======== DATA TO EXAMINE

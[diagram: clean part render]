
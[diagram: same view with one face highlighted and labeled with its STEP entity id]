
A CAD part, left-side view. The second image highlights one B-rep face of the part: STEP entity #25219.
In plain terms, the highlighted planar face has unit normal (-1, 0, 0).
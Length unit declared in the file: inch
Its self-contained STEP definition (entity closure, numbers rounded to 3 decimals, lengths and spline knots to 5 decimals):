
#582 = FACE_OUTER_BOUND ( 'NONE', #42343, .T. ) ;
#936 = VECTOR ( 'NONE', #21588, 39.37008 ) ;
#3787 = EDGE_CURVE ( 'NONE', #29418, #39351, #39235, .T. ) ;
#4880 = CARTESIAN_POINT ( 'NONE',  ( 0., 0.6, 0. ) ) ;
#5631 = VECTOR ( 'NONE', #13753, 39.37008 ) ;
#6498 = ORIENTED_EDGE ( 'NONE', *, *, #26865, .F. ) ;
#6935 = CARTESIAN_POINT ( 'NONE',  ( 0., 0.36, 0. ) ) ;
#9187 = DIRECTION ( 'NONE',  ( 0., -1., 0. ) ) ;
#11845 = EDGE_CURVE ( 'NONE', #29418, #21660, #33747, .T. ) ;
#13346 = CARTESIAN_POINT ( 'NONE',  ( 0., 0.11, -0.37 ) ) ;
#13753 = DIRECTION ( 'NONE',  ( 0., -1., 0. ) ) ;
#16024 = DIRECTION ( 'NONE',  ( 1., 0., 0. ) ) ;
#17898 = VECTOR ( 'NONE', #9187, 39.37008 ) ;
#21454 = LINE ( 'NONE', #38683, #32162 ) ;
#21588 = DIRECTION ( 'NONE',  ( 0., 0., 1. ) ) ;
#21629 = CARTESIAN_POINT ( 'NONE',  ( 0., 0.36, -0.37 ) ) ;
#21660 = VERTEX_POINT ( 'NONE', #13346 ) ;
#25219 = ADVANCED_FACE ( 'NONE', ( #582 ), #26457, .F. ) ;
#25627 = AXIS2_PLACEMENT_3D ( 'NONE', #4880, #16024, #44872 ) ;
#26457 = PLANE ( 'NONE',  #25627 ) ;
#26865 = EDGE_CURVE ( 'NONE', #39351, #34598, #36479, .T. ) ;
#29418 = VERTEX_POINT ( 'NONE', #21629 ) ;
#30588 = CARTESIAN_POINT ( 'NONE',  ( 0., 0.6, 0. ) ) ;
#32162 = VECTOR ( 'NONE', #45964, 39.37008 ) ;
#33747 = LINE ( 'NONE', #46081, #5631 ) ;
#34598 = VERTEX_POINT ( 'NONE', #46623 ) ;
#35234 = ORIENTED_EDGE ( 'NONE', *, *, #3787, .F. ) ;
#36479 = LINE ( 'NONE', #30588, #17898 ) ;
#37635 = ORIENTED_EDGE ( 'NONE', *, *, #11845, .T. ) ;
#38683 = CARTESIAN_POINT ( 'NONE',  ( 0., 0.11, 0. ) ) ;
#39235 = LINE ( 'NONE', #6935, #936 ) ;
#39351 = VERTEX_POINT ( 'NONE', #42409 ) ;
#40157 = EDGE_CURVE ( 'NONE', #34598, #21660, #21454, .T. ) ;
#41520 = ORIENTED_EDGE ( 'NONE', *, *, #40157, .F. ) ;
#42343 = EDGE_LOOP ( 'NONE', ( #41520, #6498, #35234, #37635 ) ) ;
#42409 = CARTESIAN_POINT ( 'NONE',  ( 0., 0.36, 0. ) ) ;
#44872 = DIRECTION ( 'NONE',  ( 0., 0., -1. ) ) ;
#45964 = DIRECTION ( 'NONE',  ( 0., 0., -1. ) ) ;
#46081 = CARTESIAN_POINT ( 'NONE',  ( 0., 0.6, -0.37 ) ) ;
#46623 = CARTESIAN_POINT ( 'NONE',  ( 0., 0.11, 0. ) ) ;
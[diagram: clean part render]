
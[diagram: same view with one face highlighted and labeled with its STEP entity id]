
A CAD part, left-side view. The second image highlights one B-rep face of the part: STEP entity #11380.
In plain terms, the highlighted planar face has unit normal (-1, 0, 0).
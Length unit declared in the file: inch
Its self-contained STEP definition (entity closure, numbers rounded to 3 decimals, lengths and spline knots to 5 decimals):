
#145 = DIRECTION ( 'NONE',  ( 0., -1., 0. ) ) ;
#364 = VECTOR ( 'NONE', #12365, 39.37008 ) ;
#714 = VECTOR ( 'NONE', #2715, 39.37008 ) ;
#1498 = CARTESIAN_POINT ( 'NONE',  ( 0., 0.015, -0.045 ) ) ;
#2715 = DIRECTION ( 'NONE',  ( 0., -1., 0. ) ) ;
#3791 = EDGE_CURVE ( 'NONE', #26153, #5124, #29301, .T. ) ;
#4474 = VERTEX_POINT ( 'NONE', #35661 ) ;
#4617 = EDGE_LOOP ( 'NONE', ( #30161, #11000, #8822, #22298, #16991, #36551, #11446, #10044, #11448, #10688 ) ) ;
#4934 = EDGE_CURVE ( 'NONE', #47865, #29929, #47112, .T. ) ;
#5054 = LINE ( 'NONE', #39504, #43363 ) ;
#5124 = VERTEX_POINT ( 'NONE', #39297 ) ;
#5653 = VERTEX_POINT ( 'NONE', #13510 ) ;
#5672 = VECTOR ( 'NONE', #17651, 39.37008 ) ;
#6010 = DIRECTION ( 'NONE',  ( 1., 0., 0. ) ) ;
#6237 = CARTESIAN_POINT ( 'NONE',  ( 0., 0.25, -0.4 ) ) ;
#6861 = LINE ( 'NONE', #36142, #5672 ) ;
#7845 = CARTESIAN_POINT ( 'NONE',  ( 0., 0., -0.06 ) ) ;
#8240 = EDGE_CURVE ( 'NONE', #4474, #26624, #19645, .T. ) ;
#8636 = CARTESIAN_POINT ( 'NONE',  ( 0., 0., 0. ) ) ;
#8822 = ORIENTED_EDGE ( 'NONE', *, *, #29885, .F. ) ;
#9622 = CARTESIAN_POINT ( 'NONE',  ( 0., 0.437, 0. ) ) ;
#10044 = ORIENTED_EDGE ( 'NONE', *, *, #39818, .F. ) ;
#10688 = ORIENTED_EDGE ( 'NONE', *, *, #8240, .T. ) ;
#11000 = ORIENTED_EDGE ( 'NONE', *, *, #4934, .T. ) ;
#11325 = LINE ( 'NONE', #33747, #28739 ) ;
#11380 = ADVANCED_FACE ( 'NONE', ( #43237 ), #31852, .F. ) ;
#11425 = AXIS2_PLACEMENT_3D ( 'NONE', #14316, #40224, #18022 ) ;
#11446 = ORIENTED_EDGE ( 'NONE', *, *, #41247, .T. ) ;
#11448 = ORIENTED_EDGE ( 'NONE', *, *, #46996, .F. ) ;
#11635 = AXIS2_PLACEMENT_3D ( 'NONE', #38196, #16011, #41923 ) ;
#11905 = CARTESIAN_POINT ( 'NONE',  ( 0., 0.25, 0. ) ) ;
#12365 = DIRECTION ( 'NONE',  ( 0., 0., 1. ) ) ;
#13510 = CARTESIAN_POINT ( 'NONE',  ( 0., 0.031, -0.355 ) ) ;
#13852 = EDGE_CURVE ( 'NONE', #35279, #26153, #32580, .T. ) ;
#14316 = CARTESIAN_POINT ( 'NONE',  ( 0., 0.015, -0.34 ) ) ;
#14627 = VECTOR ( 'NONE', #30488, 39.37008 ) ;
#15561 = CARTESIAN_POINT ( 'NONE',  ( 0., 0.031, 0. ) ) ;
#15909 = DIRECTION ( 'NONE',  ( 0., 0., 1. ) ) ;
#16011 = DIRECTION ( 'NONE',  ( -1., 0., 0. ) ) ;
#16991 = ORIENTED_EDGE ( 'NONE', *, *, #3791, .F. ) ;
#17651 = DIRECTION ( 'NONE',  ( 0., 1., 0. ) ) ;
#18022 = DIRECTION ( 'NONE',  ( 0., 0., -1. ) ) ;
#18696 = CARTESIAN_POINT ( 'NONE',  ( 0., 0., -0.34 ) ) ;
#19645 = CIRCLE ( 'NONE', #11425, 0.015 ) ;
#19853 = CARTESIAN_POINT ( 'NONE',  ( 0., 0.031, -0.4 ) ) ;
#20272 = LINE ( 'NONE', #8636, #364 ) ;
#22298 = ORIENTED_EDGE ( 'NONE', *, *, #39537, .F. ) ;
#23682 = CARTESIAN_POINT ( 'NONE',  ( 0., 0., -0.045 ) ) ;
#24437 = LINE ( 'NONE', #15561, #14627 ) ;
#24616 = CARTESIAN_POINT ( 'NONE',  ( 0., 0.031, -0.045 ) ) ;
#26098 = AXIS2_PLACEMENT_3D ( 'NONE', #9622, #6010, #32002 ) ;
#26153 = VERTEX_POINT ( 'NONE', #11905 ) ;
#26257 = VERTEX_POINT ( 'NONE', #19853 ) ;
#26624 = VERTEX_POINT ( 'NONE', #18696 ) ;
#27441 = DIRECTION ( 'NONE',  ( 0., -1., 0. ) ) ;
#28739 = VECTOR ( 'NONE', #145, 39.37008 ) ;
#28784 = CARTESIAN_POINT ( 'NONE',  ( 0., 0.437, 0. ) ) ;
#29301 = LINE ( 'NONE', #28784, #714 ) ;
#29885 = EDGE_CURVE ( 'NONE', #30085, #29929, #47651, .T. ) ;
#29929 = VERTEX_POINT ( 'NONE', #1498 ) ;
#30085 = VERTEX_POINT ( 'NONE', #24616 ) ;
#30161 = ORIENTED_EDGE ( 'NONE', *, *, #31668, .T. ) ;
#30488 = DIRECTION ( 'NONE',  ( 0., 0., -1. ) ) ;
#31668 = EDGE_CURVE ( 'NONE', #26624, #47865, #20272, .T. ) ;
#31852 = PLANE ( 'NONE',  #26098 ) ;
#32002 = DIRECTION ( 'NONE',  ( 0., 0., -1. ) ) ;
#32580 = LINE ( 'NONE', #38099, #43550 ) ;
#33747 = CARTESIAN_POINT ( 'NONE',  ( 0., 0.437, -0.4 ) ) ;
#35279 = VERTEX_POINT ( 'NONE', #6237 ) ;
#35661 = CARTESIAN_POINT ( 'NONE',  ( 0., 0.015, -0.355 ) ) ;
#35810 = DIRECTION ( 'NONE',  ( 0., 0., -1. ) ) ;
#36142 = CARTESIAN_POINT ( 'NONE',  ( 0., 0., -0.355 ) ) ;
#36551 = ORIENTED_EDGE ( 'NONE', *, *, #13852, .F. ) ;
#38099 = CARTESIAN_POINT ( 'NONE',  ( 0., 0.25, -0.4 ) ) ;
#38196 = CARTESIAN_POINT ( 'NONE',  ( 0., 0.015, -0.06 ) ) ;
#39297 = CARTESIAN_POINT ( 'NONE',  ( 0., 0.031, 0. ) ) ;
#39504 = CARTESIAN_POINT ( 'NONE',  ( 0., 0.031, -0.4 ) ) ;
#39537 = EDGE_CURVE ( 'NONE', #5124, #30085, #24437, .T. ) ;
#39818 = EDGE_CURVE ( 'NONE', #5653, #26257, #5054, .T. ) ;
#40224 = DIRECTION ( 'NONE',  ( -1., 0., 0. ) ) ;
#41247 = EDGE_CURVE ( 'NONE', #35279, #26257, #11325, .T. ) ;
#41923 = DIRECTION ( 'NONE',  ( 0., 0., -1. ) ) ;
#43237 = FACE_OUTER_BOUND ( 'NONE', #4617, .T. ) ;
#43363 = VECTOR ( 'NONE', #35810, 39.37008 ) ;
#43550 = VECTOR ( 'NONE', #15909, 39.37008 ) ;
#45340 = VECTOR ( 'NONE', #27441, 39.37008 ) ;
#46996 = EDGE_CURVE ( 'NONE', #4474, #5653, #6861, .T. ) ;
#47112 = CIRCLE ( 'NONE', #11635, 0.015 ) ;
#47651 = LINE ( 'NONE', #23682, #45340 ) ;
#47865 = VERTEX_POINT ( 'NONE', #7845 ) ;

================

From the records above, quote only the lines running from the line with "#20272 = LINE ( 'NONE', #8636, #364 ) ;" to the line with "#29301 = LINE ( 'NONE', #28784, #714 ) ;", both lines included.

WRITTEN SOLUTION
#20272 = LINE ( 'NONE', #8636, #364 ) ;
#22298 = ORIENTED_EDGE ( 'NONE', *, *, #39537, .F. ) ;
#23682 = CARTESIAN_POINT ( 'NONE',  ( 0., 0., -0.045 ) ) ;
#24437 = LINE ( 'NONE', #15561, #14627 ) ;
#24616 = CARTESIAN_POINT ( 'NONE',  ( 0., 0.031, -0.045 ) ) ;
#26098 = AXIS2_PLACEMENT_3D ( 'NONE', #9622, #6010, #32002 ) ;
#26153 = VERTEX_POINT ( 'NONE', #11905 ) ;
#26257 = VERTEX_POINT ( 'NONE', #19853 ) ;
#26624 = VERTEX_POINT ( 'NONE', #18696 ) ;
#27441 = DIRECTION ( 'NONE',  ( 0., -1., 0. ) ) ;
#28739 = VECTOR ( 'NONE', #145, 39.37008 ) ;
#28784 = CARTESIAN_POINT ( 'NONE',  ( 0., 0.437, 0. ) ) ;
#29301 = LINE ( 'NONE', #28784, #714 ) ;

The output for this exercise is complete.